I push the thoughts of Johnny’s sweetly sleepy sex away.
Instead, I tell myself that this is a good thing.
I find myself performing too, throwing porny screams at him for encouragement.
I kind of hate myself for it. I never thought I’d see the moment where I think longingly of the single bed back in Naomi’s house, desperate to be in among the hockey trophies and the lip-gloss pots.
Afterwards, I don’t feel like a cool sexual libertine at all.

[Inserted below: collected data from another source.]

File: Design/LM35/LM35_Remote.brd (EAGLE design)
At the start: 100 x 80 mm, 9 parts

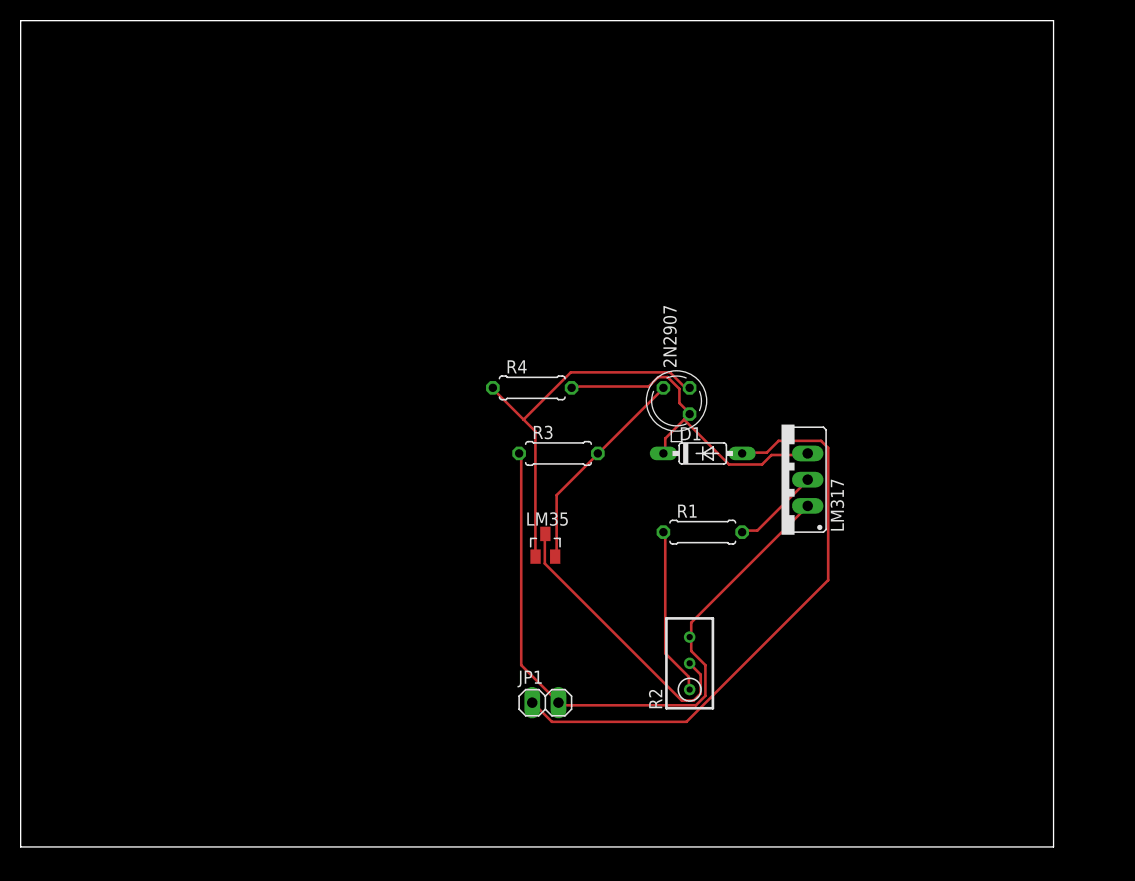
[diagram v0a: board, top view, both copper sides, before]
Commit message: Modificado el diseno de la  placa del sensor
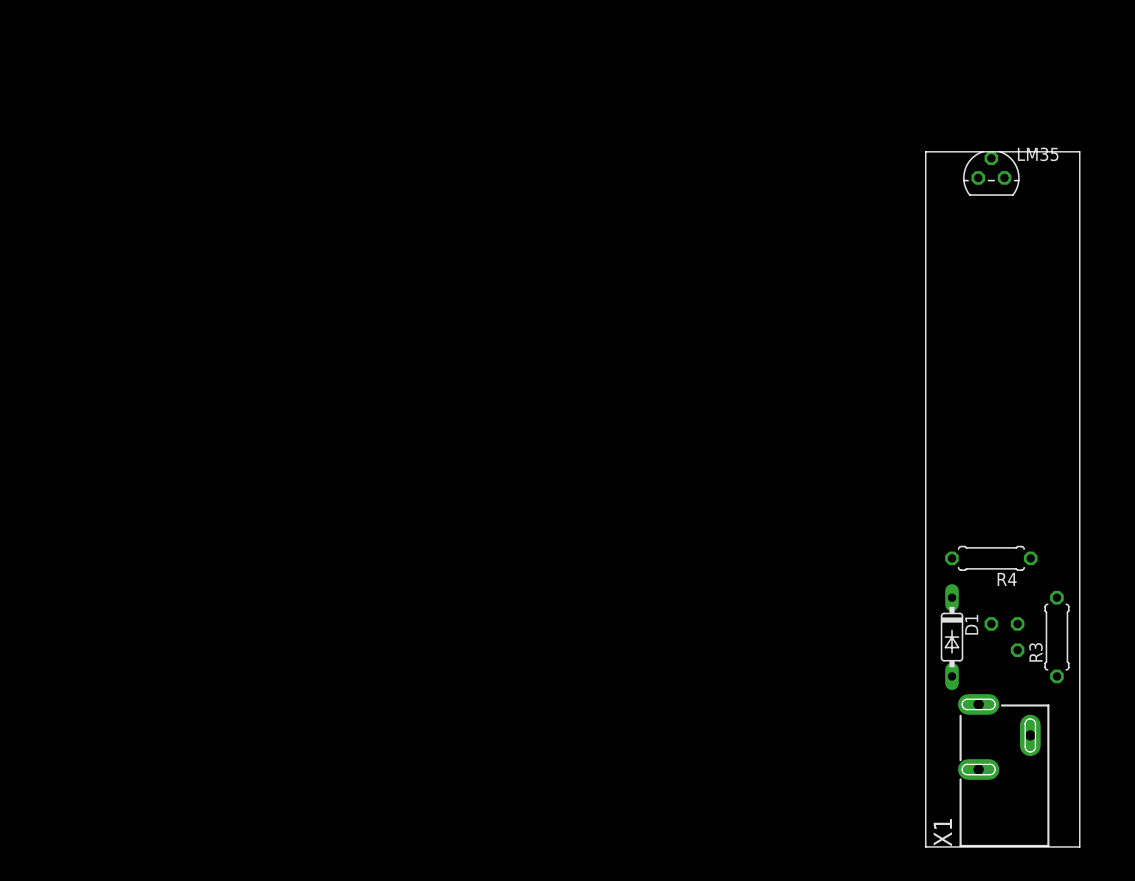
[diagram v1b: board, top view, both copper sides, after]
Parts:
- removed JP1: (no value), pinhead:1X02
- removed LM317: (no value), v-reg:317TS
- removed R1: 402, resistor:0207/7
- removed R2: 50, resistor:RTRIM3296W
- added X1: (no value), con-shiua-chyuan:SCD-014-A
- LM35: value LM50 -> LM35CZ; device linear:SOT23 -> lm35:TO92
- R3: value 62.5 -> 50-0.5%
- moved LM35 55.9 mm to (94.0, 64.8)
- moved R3 51.4 mm to (100.3, 20.3), turned to 90 degrees
- moved R4 47.4 mm to (94.0, 27.9), turned to 180 degrees
- moved 2N2907 39.1 mm to (95.2, 20.3), flipped to the bottom, turned to 180 degrees
- moved D1 30.0 mm to (90.2, 20.3), turned to 270 degrees
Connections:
- removed net N$6: LM317.2, R1.2
- removed net N$7: LM35.3, R2.2
- removed net N$8: D1.A, JP1.1
- net N$3: no longer LM317.3
- net N$4: now also LM35.3, X1.2, X1.3; no longer JP1.2, LM317.1, R2.3
- net N$5: now also D1.A, X1.1; no longer R1.1, R2.1
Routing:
- net N$4: track 64.2 -> 0.00 mm
- net N$8: track 57.0 -> 0.00 mm
- net N$1: track 36.7 -> 0.00 mm
- net N$3: track 33.3 -> 0.00 mm
- net N$7: track 27.1 -> 0.00 mm
- net N$2: track 20.8 -> 0.00 mm
- net N$5: track 16.3 -> 0.00 mm
- net N$6: track 8.49 -> 0.00 mm
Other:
- board size 100 x 80 mm -> 14.9 x 67.3 mm

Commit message: Ultima revision del resumen semanal
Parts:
- removed X1: (no value), con-shiua-chyuan:SCD-014-A
- added PLUG: (no value), con-shiua-chyuan:SCD-014-A
- moved 2N2907 6.35 mm to (95.2, 26.7), flipped to the top, turned to 0 degrees
- moved R4 6.35 mm to (94.0, 21.6)
- moved R3 5.68 mm to (95.2, 17.8), turned to 180 degrees
- moved LM35 4.02 mm to (95.2, 61.0), turned to 90 degrees
- moved D1 2.84 mm to (88.9, 17.8)
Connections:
- net N$4: now also PLUG.2, PLUG.3; no longer X1.2, X1.3
- net N$5: now also PLUG.1; no longer X1.1
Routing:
- net N$4: track 0.00 -> 67.6 mm
- net N$2: track 0.00 -> 59.1 mm
- net N$1: track 0.00 -> 44.7 mm
- net N$3: track 0.00 -> 7.12 mm
- net N$5: track 0.00 -> 2.75 mm
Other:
- board size 14.9 x 67.3 mm -> 17.5 x 63.5 mm
- board text added: "In: 12v"
- board text added: "PPS: Alvaro Alonso"
- board text added: "Temp: 0~100C (0~20mA)"
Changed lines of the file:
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@@
 <board>
 <plain>
-<wire x1="87.63" y1="0" x2="102.54" y2="0" width="0" layer="20"/>
-<wire x1="102.54" y1="0" x2="102.54" y2="67.3" width="0" layer="20"/>
-<wire x1="102.54" y1="67.3" x2="87.63" y2="67.3" width="0" layer="20"/>
-<wire x1="87.63" y1="67.3" x2="87.63" y2="0" width="0" layer="20"/>
+<wire x1="85.09" y1="0" x2="102.54" y2="0" width="0" layer="20"/>
+<wire x1="102.54" y1="0" x2="102.54" y2="63.49" width="0" layer="20"/>
+<wire x1="102.54" y1="63.49" x2="85.09" y2="63.49" width="0" layer="20"/>
+<wire x1="85.09" y1="63.49" x2="85.09" y2="0" width="0" layer="20"/>
+<text x="88.9" y="31.75" size="1.778" layer="1" rot="R90">Temp: 0~100C (0~20mA)</text>
+<text x="101.6" y="1.27" size="1.778" layer="1" rot="R90">In: 12v</text>
+<text x="101.6" y="35.56" size="1.778" layer="1" rot="R90">PPS: Alvaro Alonso</text>
+<dimension x1="85.09" y1="63.49" x2="85.09" y2="0" x3="80.01" y3="31.745" textsize="1.778" layer="1"/>
+<dimension x1="102.54" y1="63.49" x2="85.09" y2="63.49" x3="93.815" y3="67.31" textsize="1.778" layer="1"/>
 </plain>
 <attributes>
@@
 <classes>
 <class number="0" name="default" width="0" drill="0">
+<clearance class="0" value="0.205"/>
 </class>
 </classes>
-<designrules name="default">
+<designrules name="default *">
 <description language="de">&lt;b&gt;EAGLE Design Rules&lt;/b&gt;
 &lt;p&gt;
-Die Standard-Design-Rules sind so gewählt, dass sie für
+Die Standard-Design-Rules sind so gewÃÂ¤hlt, dass sie fÃÂ¼r
 die meisten Anwendungen passen. Sollte ihre Platine
 besondere Anforderungen haben, treffen Sie die erforderlichen
@@
 <param name="mtCopper" value="0.035mm 0.035mm 0.035mm 0.035mm 0.035mm 0.035mm 0.035mm 0.035mm 0.035mm 0.035mm 0.035mm 0.035mm 0.035mm 0.035mm 0.035mm 0.035mm"/>
 <param name="mtIsolate" value="1.5mm 0.15mm 0.2mm 0.15mm 0.2mm 0.15mm 0.2mm 0.15mm 0.2mm 0.15mm 0.2mm 0.15mm 0.2mm 0.15mm 0.2mm"/>
-<param name="mdWireWire" value="8mil"/>
-<param name="mdWirePad" value="8mil"/>
-<param name="mdWireVia" value="8mil"/>
-<param name="mdPadPad" value="8mil"/>
-<param name="mdPadVia" value="8mil"/>
-<param name="mdViaVia" value="8mil"/>
+<param name="mdWireWire" value="20mil"/>
+<param name="mdWirePad" value="20mil"/>
+<param name="mdWireVia" value="20mil"/>
+<param name="mdPadPad" value="20mil"/>
+<param name="mdPadVia" value="20mil"/>
+<param name="mdViaVia" value="20mil"/>
 <param name="mdSmdPad" value="8mil"/>
 <param name="mdSmdVia" value="8mil"/>
@@
 <param name="mdDrill" value="8mil"/>
 <param name="mdSmdStop" value="0mil"/>
-<param name="msWidth" value="10mil"/>
-<param name="msDrill" value="24mil"/>
+<param name="msWidth" value="30mil"/>
+<param name="msDrill" value="35mil"/>
 <param name="msMicroVia" value="9.99mm"/>
 <param name="msBlindViaRatio" value="0.5"/>
@@
 <autorouter>
 <pass name="Default">
-<param name="RoutingGrid" value="50mil"/>
+<param name="RoutingGrid" value="12.5mil"/>
 <param name="AutoGrid" value="1"/>
 <param name="Efforts" value="0"/>
 <param name="TopRouterVariant" value="1"/>
 <param name="tpViaShape" value="round"/>
-<param name="PrefDir.1" value="a"/>
+<param name="PrefDir.1" value="-"/>
 <param name="PrefDir.2" value="0"/>
 <param name="PrefDir.3" value="0"/>
@@
 </autorouter>
 <elements>
-<element name="2N2907" library="transistor" package="TO18" value="" x="95.25" y="20.32" rot="MR180"/>
-<element name="D1" library="diode" package="DO35-7" value="1N4148DO35-7" x="90.17" y="20.32" rot="R270"/>
-<element name="R3" library="resistor" package="0207/7" value="50-0.5%" x="100.33" y="20.32" rot="R90">
-<attribute name="SPICEPREFIX" value="R" x="100.33" y="20.32" size="1.778" layer="27" rot="R90" display="off"/>
+<element name="2N2907" library="transistor" package="TO18" value="" x="95.25" y="26.67"/>
+<element name="D1" library="diode" package="DO35-7" value="1N4148DO35-7" x="88.9" y="17.78" rot="R270"/>
+<element name="R3" library="resistor" package="0207/7" value="50-0.5%" x="95.25" y="17.78" rot="R180">
+<attribute name="SPICEPREFIX" value="R" x="95.25" y="17.78" size="1.778" layer="27" rot="R180" display="off"/>
 </element>
-<element name="R4" library="resistor" package="0207/7" value="4.7K" x="93.98" y="27.94" rot="R180">
-<attribute name="SPICEPREFIX" value="R" x="93.98" y="27.94" size="1.778" layer="27" rot="R180" display="off"/>
+<element name="R4" library="resistor" package="0207/7" value="4.7K" x="93.98" y="21.59" rot="R180">
+<attribute name="SPICEPREFIX" value="R" x="93.98" y="21.59" size="1.778" layer="27" rot="R180" display="off"/>
 </element>
-<element name="LM35" library="lm35" package="TO92" value="LM35CZ" x="93.98" y="64.77"/>
-<element name="X1" library="con-shiua-chyuan" package="SCD-014-A" value="" x="95.25" y="0">
-<attribute name="OC_NEWARK" value="unknown" x="95.25" y="0" size="1.778" layer="27" display="off"/>
-<attribute name="MPN" value="" x="95.25" y="0" size="1.778" layer="27" display="off"/>
-<attribute name="MF" value="" x="95.25" y="0" size="1.778" layer="27" display="off"/>
-<attribute name="OC_FARNELL" value="unknown" x="95.25" y="0" size="1.778" layer="27" display="off"/>
+<element name="LM35" library="lm35" package="TO92" value="LM35CZ" x="95.25" y="60.96" rot="R90"/>
+<element name="PLUG" library="con-shiua-chyuan" package="SCD-014-A" value="" x="93.98" y="0">
+<attribute name="OC_NEWARK" value="unknown" x="93.98" y="0" size="1.778" layer="27" display="off"/>
+<attribute name="MPN" value="" x="93.98" y="0" size="1.778" layer="27" display="off"/>
+<attribute name="MF" value="" x="93.98" y="0" size="1.778" layer="27" display="off"/>
+<attribute name="OC_FARNELL" value="unknown" x="93.98" y="0" size="1.778" layer="27" display="off"/>
 </element>
 </elements>
@@
 <contactref element="2N2907" pad="2"/>
 <contactref element="LM35" pad="1"/>
-<wire x1="97.79" y1="27.94" x2="92.71" y2="64.77" width="0" layer="19" extent="1-1"/>
-<wire x1="96.52" y1="21.59" x2="97.79" y2="27.94" width="0" layer="19" extent="1-1"/>
+<wire x1="97.79" y1="21.59" x2="99.06" y2="25.4" width="1.27" layer="1"/>
+<wire x1="99.06" y1="25.4" x2="99.06" y2="30.48" width="1.27" layer="1"/>
+<wire x1="96.52" y1="25.4" x2="99.06" y2="25.4" width="1.27" layer="1"/>
+<wire x1="99.06" y1="30.48" x2="95.25" y2="30.48" width="1.27" layer="1"/>
+<wire x1="95.25" y1="30.48" x2="95.25" y2="59.69" width="1.27" layer="1"/>
 </signal>
 <signal name="N$2">
@@
 <contactref element="R3" pad="2"/>
 <contactref element="LM35" pad="2"/>
-<wire x1="96.52" y1="19.05" x2="93.98" y2="66.675" width="0" layer="19" extent="1-1"/>
-<wire x1="100.33" y1="24.13" x2="96.52" y2="19.05" width="0" layer="19" extent="1-1"/>
+<wire x1="91.44" y1="17.78" x2="86.36" y2="17.78" width="1.27" layer="1"/>
+<wire x1="86.36" y1="17.78" x2="86.36" y2="27.94" width="1.27" layer="1"/>
+<wire x1="96.52" y1="27.94" x2="92.71" y2="27.94" width="1.27" layer="1"/>
+<wire x1="86.36" y1="27.94" x2="92.71" y2="27.94" width="1.27" layer="1"/>
+<wire x1="92.71" y1="27.94" x2="92.71" y2="60.96" width="1.27" layer="1"/>
+<wire x1="92.71" y1="60.96" x2="93.345" y2="60.96" width="1.27" layer="1"/>
 </signal>
 <signal name="N$3">
@@
 <contactref element="D1" pad="C"/>
 <contactref element="2N2907" pad="1"/>
-<wire x1="93.98" y1="21.59" x2="90.17" y2="27.94" width="0" layer="19" extent="1-1"/>
-<wire x1="90.17" y1="24.13" x2="93.98" y2="21.59" width="0" layer="19" extent="1-1"/>
+<wire x1="88.9" y1="21.59" x2="90.17" y2="21.59" width="1.27" layer="1"/>
+<wire x1="90.17" y1="21.59" x2="92.71" y2="25.4" width="1.27" layer="1"/>
+<wire x1="92.71" y1="25.4" x2="93.98" y2="25.4" width="1.27" layer="1"/>
 </signal>
 <signal name="N$4">
 <contactref element="R3" pad="1"/>
 <contactref element="LM35" pad="3"/>
-<contactref element="X1" pad="2"/>
-<contactref element="X1" pad="3"/>
-<wire x1="100.33" y1="16.51" x2="95.25" y2="64.77" width="0" layer="19" extent="1-1"/>
-<wire x1="97.75" y1="10.8" x2="100.33" y2="16.51" width="0" layer="19" extent="1-1"/>
-<wire x1="92.75" y1="7.5" x2="97.75" y2="10.8" width="0" layer="19" extent="1-1"/>
+<contactref element="PLUG" pad="2"/>
+<contactref element="PLUG" pad="3"/>
+<wire x1="91.48" y1="7.5" x2="96.48" y2="7.5" width="1.27" layer="1"/>
+<wire x1="96.48" y1="7.5" x2="96.48" y2="10.8" width="1.27" layer="1"/>
+<wire x1="96.48" y1="10.8" x2="99.06" y2="13.38" width="1.27" layer="1"/>
+<wire x1="99.06" y1="13.38" x2="99.06" y2="17.78" width="1.27" layer="1"/>
+<wire x1="99.06" y1="17.78" x2="101.6" y2="25.4" width="1.27" layer="1"/>
+<wire x1="101.6" y1="25.4" x2="101.6" y2="33.02" width="1.27" layer="1"/>
+<wire x1="101.6" y1="33.02" x2="97.79" y2="33.02" width="1.27" layer="1"/>
+<wire x1="97.79" y1="33.02" x2="97.79" y2="62.23" width="1.27" layer="1"/>
+<wire x1="97.79" y1="62.23" x2="95.25" y2="62.23" width="1.27" layer="1"/>
 </signal>
 <signal name="N$5">
 <contactref element="D1" pad="A"/>
-<contactref element="X1" pad="1"/>
-<wire x1="92.75" y1="13.8" x2="90.17" y2="16.51" width="0" layer="19" extent="1-1"/>
+<contactref element="PLUG" pad="1"/>
+<wire x1="91.48" y1="13.8" x2="88.9" y2="13.8" width="1.27" layer="1"/>
+<wire x1="88.9" y1="13.8" x2="88.9" y2="13.97" width="1.27" layer="1"/>
 </signal>
 </signals>

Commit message: Ultima modificacion plaqueta sensor
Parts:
- moved R3 86.4 mm to (8.89, 20.3), turned to 0 degrees
- moved LM35 84.3 mm to (11.4, 52.1), turned to 180 degrees
- moved PLUG 82.6 mm to (11.4, 1.27)
- moved 2N2907 82.5 mm to (12.7, 26.7), turned to 90 degrees
- moved R4 77.5 mm to (16.5, 24.1), turned to 270 degrees
- moved D1 76.2 mm to (12.7, 17.8), turned to 180 degrees
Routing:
- net N$2: track 59.1 -> 31.1 mm
- net N$1: track 44.7 -> 27.9 mm
- net N$4: track 67.6 -> 56.8 mm
- net N$3: track 7.12 -> 10.2 mm
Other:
- board size 17.5 x 63.5 mm -> 16.2 x 52.1 mm
- board text added: "Alvaro Alonso"
- board text added: "Sensor Temp. 5ºC/mA"
- board text removed: "In: 12v"
- board text removed: "PPS: Alvaro Alonso"
- board text removed: "Temp: 0~100C (0~20mA)"

I feel as though I’ve given a gift to someone who has taken one glance at it and decided it looks better in the bin.
Thoughts of being in companionable, cosy silence in the flat with Johnny – maybe it wasn’t that damp or cold, after all – start to form out of shadows.
I push them right away. The guilt is like sweat on my upper lip.
On the tram back into town, I check my mails, and find one from Violet, which is short and to the point.
‘Ted reported Maxi to the cops for harassing him,’ she writes.
‘She got hauled into her local police station and they talked to her for two hours, but they eventually let her go with a caution. She emailed me right afterwards. She told me that she has sent him like 700 emails, none of which he has responded to.’
‘What has she been writing to him?’ I reply. I’m genuinely curious.
‘Dunno,’ Violet replies. ‘Just some emails and texts and things like that. But nothing too harmful. She wasn’t abusive to him or anything.’
‘She has his NUMBER?’ I am incredulous, incensed.
‘I know! And she never said!’
I’ve kept it from Violet and everyone else that I’ve met Alice. It’s need-to-know-basis information, and somehow I suspect that if it got into the wrong hands, it would work out to be a problem.